* WHAT TO DO *
Copy exactly the lines from the first line of the records below through the line containing "undefined symbols (not", including both, and nothing else.

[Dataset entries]

◇ ◇ ◇ ◇

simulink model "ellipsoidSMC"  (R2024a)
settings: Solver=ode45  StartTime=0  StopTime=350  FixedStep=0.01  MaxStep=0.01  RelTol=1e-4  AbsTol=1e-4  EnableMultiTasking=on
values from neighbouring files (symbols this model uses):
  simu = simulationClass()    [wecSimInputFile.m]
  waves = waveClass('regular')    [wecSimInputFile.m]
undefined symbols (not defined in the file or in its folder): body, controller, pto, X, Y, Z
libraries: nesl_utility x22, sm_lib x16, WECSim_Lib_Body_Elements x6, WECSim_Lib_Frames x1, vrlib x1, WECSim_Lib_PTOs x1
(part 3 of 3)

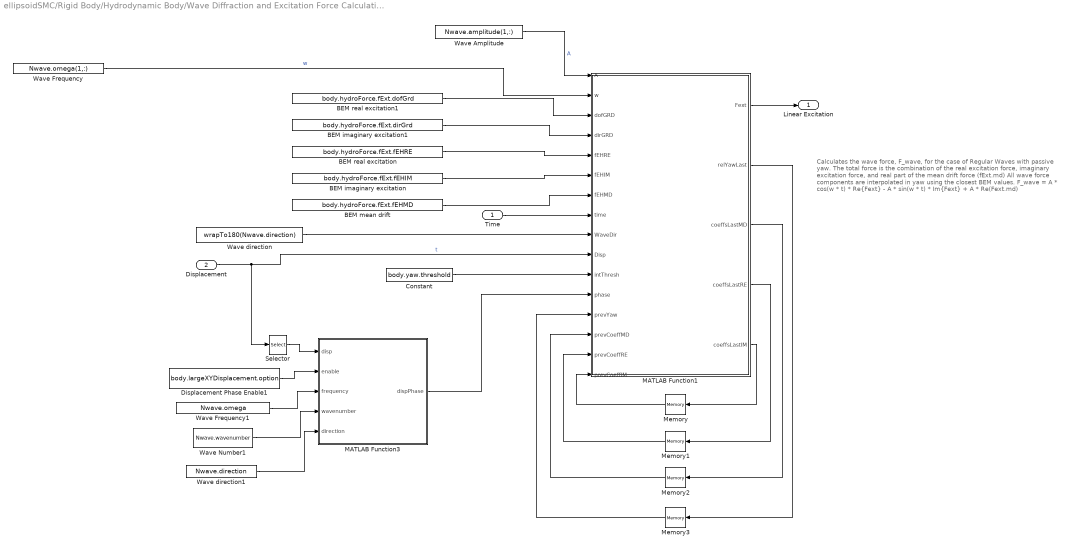
== system ellipsoidSMC/Rigid Body/Hydrodynamic Body/Wave Diffraction and Excitation Force Calculation/Linear Wave Excitation Force Variant Subsystem/Regular Wave NonLinear Yaw ==
  note: Calculates the wave force, F_wave, for the case of Regular Waves with passive yaw.
      |
      | The total force is the combination of the real excitation force, imaginary excitation force, and real part of the mean drift force (fExt.md)
      |
      | All wave force components are interpolated in yaw using the closest BEM values.
      |
      | F_wave =   A * cos(w * t) * Re{Fext}
      |                -  A * sin(w * t) * Im{Fext}
      |                + A * Re(Fext.md)
  Time : Inport
  Displacement : Inport  Port=2
  BEM imaginary excitation : Constant  Value=body.hydroForce.fExt.fEHIM  VectorParams1D=off
  BEM imaginary excitation1 : Constant  Value=body.hydroForce.fExt.dirGrd  VectorParams1D=off
  BEM mean drift : Constant  Value=body.hydroForce.fExt.fEHMD  VectorParams1D=off
  BEM real excitation : Constant  Value=body.hydroForce.fExt.fEHRE  VectorParams1D=off
  BEM real excitation1 : Constant  Value=body.hydroForce.fExt.dofGrd  VectorParams1D=off
  Constant : Constant  Value=body.yaw.threshold
  Displacement Phase Enable1 : Constant  Value=body.largeXYDisplacement.option
  MATLAB Function1 : MATLAB Function  TreatAsAtomicUnit=on
  MATLAB Function3 : MATLAB Function  TreatAsAtomicUnit=on
  Memory{,1..3} (4 alike) : Memory  InheritSampleTime=on  LinearizeAsDelay=on
  Selector : Selector  IndexOptions=Index vector (dialog)  Indices=[1 2]  OutputSizes=1
  Wave Amplitude : Constant  Value=Nwave.amplitude(1,:)
  Wave Frequency : Constant  Value=Nwave.omega(1,:)
  Wave Frequency1 : Constant  Value=Nwave.omega  VectorParams1D=off
  Wave Number1 : Constant  Value=Nwave.wavenumber
  Wave direction : Constant  Value=wrapTo180(Nwave.direction)  VectorParams1D=off
  Wave direction1 : Constant  Value=Nwave.direction  VectorParams1D=off
  Linear Excitation : Outport
  wires:
  Wave Frequency1/1 -> MATLAB Function3/3(frequency)
  Selector/1 -> MATLAB Function3/1(disp)
  Displacement Phase Enable1/1 -> MATLAB Function3/2(enable)
  Wave Number1/1 -> MATLAB Function3/4(wavenumber)
  Displacement/1 -> Selector/1, MATLAB Function1/10(Disp)  "t"
  Wave direction1/1 -> MATLAB Function3/5(direction)
  MATLAB Function3/1(dispPhase) -> MATLAB Function1/12(phase)
  Time/1 -> MATLAB Function1/8(time)
  MATLAB Function1/1(Fext) -> Linear Excitation/1
  Wave Frequency/1 -> MATLAB Function1/2(w)  "w"
  MATLAB Function1/5(coeffsLastIM) -> Memory/1
  MATLAB Function1/2(relYawLast) -> Memory3/1
  MATLAB Function1/4(coeffsLastRE) -> Memory1/1
  Memory3/1 -> MATLAB Function1/13(prevYaw)
  BEM mean drift/1 -> MATLAB Function1/7(fEHMD)
  Memory/1 -> MATLAB Function1/16(prevCoeffIM)
  Wave Amplitude/1 -> MATLAB Function1/1(A)  "A"
  MATLAB Function1/3(coeffsLastMD) -> Memory2/1
  BEM real excitation/1 -> MATLAB Function1/5(fEHRE)
  Wave direction/1 -> MATLAB Function1/9(WaveDir)
  BEM imaginary excitation/1 -> MATLAB Function1/6(fEHIM)
  BEM real excitation1/1 -> MATLAB Function1/3(dofGRD)
  Memory1/1 -> MATLAB Function1/15(prevCoeffRE)
  BEM imaginary excitation1/1 -> MATLAB Function1/4(dirGRD)
  Constant/1 -> MATLAB Function1/11(intThresh)
  Memory2/1 -> MATLAB Function1/14(prevCoeffMD)

== system ellipsoidSMC/Rigid Body/Hydrodynamic Body/Wave Diffraction and Excitation Force Calculation/Linear Wave Excitation Force Variant Subsystem/User Defined Wave Excitation Force ==
  note: Calculates the wave force, F_wave, for the case of User Defined Waves.
      |
      | F_wave = convolution calculation [1x6]
  InputWaveForceTimeHistory : FromWorkspace  VariableName=[Nwave.waveAmpTime(:,1),body.hydroForce.userDefinedFe]
  Linear Excitation : Outport
  wires:
  InputWaveForceTimeHistory/1 -> Linear Excitation/1

== system ellipsoidSMC/Rigid Body/Hydrodynamic Body/Wave Diffraction and Excitation Force Calculation/Nonlinear FK Force Variant Subsystem/No Nonlinear FroudeKrylov Force ==
  Constant : Constant  Value=zeros(1,body.dof)
  Nonlinear Excitation : Outport
  wires:
  Constant/1 -> Nonlinear Excitation/1

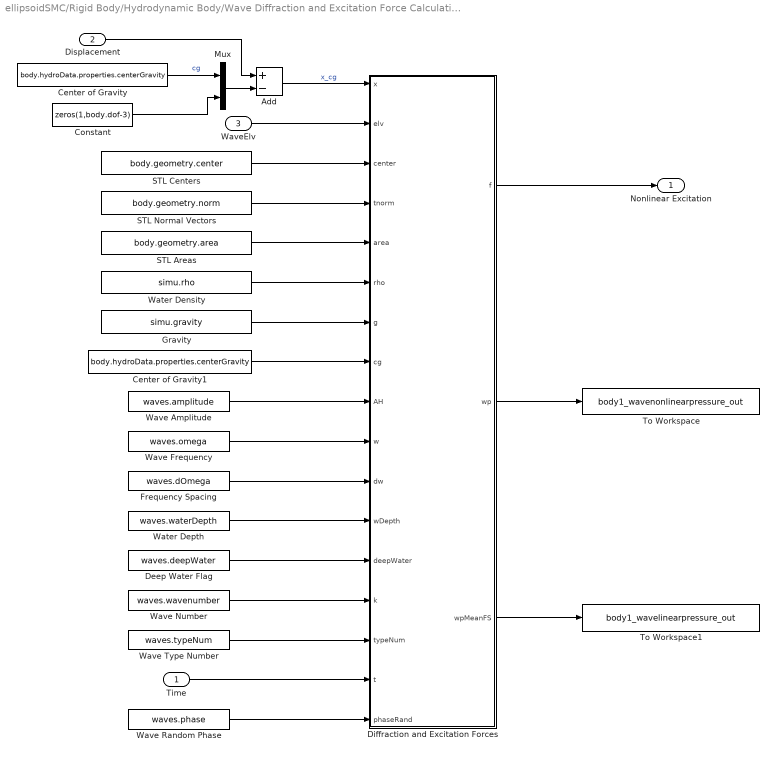
== system ellipsoidSMC/Rigid Body/Hydrodynamic Body/Wave Diffraction and Excitation Force Calculation/Nonlinear FK Force Variant Subsystem/With Nonlinear FroudeKrylov Force ==
  Time : Inport
  Displacement : Inport  Port=2
  WaveElv : Inport  Port=3
  Add : Sum  Inputs=+-
  Center of Gravity : Constant  Value=body.hydroData.properties.centerGravity
  Center of Gravity1 : Constant  Value=body.hydroData.properties.centerGravity
  Constant : Constant  Value=zeros(1,body.dof-3)
  Deep Water Flag : Constant  Value=waves.deepWater
  Diffraction and Excitation Forces : MATLAB Function  TreatAsAtomicUnit=on
  Frequency Spacing : Constant  Value=waves.dOmega
  Gravity : Constant  Value=simu.gravity
  Mux : Mux  Inputs=2
  STL Areas : Constant  Value=body.geometry.area
  STL Centers : Constant  Value=body.geometry.center
  STL Normal Vectors : Constant  Value=body.geometry.norm
  To Workspace : ToWorkspace  VariableName=body1_wavenonlinearpressure_out  SaveFormat=Structure With Time  SampleTime=-1
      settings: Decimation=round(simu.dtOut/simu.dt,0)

◇ ◇ ◇ ◇

* RESULT *
simulink model "ellipsoidSMC"  (R2024a)
settings: Solver=ode45  StartTime=0  StopTime=350  FixedStep=0.01  MaxStep=0.01  RelTol=1e-4  AbsTol=1e-4  EnableMultiTasking=on
values from neighbouring files (symbols this model uses):
  simu = simulationClass()    [wecSimInputFile.m]
  waves = waveClass('regular')    [wecSimInputFile.m]
undefined symbols (not defined in the file or in its folder): body, controller, pto, X, Y, Z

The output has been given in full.